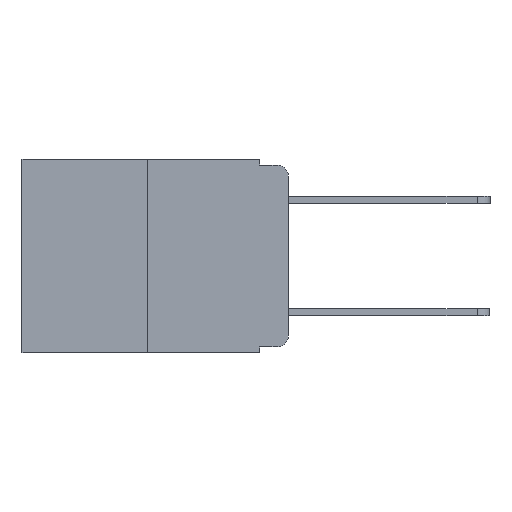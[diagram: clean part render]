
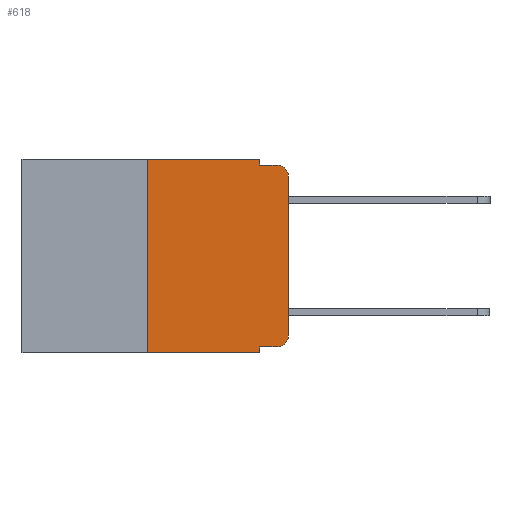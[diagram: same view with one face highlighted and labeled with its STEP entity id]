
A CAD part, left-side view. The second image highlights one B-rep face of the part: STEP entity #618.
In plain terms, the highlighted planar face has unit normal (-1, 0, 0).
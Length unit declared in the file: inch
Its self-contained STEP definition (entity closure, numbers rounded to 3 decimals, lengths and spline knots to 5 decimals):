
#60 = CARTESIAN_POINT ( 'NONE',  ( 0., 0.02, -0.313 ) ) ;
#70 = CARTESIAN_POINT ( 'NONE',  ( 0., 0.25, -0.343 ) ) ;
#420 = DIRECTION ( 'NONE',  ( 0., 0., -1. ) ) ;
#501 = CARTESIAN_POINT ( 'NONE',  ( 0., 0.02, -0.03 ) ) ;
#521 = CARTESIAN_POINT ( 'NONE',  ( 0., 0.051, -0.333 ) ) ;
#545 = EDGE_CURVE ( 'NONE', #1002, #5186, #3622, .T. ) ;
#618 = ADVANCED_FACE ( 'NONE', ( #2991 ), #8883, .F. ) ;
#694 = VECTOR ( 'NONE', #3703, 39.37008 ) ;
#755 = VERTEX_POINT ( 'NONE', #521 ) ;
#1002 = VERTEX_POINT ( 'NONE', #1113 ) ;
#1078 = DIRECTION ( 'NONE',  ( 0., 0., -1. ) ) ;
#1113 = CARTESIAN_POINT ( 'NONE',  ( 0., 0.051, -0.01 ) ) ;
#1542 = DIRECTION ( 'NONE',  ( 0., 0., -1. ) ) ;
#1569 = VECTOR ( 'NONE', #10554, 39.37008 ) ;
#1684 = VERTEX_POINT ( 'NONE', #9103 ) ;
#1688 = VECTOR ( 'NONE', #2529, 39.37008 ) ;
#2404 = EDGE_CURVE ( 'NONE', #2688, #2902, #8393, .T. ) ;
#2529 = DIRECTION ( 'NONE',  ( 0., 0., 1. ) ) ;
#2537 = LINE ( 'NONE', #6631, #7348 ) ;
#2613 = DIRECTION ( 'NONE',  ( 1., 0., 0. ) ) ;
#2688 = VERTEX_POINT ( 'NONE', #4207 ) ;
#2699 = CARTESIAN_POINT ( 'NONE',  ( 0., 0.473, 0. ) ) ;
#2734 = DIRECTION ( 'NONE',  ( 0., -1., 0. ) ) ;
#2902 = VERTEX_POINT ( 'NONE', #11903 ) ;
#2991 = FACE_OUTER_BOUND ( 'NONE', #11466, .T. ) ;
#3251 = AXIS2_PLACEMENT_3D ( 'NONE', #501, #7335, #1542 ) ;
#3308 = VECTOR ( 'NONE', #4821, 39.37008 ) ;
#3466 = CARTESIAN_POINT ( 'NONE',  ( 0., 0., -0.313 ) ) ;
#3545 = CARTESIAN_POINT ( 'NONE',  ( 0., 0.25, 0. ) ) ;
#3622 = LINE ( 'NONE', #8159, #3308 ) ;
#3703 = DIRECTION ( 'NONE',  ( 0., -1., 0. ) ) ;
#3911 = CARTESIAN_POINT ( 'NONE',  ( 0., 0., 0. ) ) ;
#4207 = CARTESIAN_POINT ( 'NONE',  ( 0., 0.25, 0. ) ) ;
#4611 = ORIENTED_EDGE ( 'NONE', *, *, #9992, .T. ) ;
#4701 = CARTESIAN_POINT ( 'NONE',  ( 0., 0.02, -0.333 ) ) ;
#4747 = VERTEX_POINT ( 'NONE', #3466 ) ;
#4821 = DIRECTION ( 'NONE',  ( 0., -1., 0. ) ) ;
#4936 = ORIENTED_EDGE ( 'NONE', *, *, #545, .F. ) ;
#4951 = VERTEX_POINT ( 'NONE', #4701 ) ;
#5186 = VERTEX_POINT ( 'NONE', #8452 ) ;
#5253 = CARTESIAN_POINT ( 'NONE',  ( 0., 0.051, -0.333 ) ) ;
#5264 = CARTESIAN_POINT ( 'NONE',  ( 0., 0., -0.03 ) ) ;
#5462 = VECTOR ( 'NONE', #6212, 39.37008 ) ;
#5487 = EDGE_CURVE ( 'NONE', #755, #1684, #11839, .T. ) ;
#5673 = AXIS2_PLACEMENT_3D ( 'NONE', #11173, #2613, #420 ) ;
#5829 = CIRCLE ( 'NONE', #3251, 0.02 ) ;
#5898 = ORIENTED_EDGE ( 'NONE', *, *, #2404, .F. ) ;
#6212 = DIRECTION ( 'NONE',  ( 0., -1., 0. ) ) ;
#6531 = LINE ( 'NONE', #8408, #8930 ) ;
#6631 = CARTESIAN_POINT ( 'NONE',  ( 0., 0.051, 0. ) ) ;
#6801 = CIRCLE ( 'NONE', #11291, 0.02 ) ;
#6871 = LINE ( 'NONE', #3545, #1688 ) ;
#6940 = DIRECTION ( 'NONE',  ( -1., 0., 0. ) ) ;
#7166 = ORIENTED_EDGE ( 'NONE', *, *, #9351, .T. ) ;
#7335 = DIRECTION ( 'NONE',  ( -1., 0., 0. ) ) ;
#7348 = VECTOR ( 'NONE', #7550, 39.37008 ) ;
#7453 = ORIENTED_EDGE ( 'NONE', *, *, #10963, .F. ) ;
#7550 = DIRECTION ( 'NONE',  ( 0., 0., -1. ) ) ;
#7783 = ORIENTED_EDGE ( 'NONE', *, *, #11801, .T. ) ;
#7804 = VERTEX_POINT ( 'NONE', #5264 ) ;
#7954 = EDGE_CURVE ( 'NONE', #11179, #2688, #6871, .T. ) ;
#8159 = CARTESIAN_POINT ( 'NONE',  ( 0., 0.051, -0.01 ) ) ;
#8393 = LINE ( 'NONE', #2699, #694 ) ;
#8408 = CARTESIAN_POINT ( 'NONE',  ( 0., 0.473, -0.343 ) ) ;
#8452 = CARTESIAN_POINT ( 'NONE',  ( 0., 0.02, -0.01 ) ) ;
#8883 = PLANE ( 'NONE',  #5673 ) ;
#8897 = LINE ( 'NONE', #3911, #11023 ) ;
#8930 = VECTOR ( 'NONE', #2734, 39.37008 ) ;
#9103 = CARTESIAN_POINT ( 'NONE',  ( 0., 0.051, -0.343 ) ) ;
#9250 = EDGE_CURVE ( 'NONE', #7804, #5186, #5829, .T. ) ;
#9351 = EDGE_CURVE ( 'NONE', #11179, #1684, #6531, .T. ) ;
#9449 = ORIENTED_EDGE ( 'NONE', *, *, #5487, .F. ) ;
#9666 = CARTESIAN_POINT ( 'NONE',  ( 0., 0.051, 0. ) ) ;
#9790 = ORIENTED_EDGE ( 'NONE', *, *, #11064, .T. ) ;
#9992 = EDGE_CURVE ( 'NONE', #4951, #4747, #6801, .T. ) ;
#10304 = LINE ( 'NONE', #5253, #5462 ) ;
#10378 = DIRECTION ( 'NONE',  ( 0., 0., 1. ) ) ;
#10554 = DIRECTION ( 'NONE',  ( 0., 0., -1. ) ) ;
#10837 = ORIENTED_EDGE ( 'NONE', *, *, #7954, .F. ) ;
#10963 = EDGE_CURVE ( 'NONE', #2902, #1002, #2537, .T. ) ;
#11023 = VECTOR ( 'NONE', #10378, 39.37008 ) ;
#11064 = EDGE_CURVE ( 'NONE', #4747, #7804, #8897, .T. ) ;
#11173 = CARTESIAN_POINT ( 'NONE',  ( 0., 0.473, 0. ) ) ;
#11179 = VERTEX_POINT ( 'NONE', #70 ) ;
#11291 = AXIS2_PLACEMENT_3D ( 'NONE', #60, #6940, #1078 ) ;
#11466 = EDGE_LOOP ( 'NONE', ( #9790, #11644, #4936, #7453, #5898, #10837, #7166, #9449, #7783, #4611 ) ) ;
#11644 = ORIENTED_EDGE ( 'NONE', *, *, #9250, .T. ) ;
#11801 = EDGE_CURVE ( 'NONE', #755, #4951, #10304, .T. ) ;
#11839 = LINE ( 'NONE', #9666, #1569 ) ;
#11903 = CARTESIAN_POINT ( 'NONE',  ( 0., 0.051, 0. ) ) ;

____________

— EXERCISE —
Please copy the lines above from the line with "#2613 = DIRECTION" up to and including the line with "#3466 = CARTESIAN_POINT", exactly as written and with nothing else.

— RESPONSE FOR THIS EXERCISE —
#2613 = DIRECTION ( 'NONE',  ( 1., 0., 0. ) ) ;
#2688 = VERTEX_POINT ( 'NONE', #4207 ) ;
#2699 = CARTESIAN_POINT ( 'NONE',  ( 0., 0.473, 0. ) ) ;
#2734 = DIRECTION ( 'NONE',  ( 0., -1., 0. ) ) ;
#2902 = VERTEX_POINT ( 'NONE', #11903 ) ;
#2991 = FACE_OUTER_BOUND ( 'NONE', #11466, .T. ) ;
#3251 = AXIS2_PLACEMENT_3D ( 'NONE', #501, #7335, #1542 ) ;
#3308 = VECTOR ( 'NONE', #4821, 39.37008 ) ;
#3466 = CARTESIAN_POINT ( 'NONE',  ( 0., 0., -0.313 ) ) ;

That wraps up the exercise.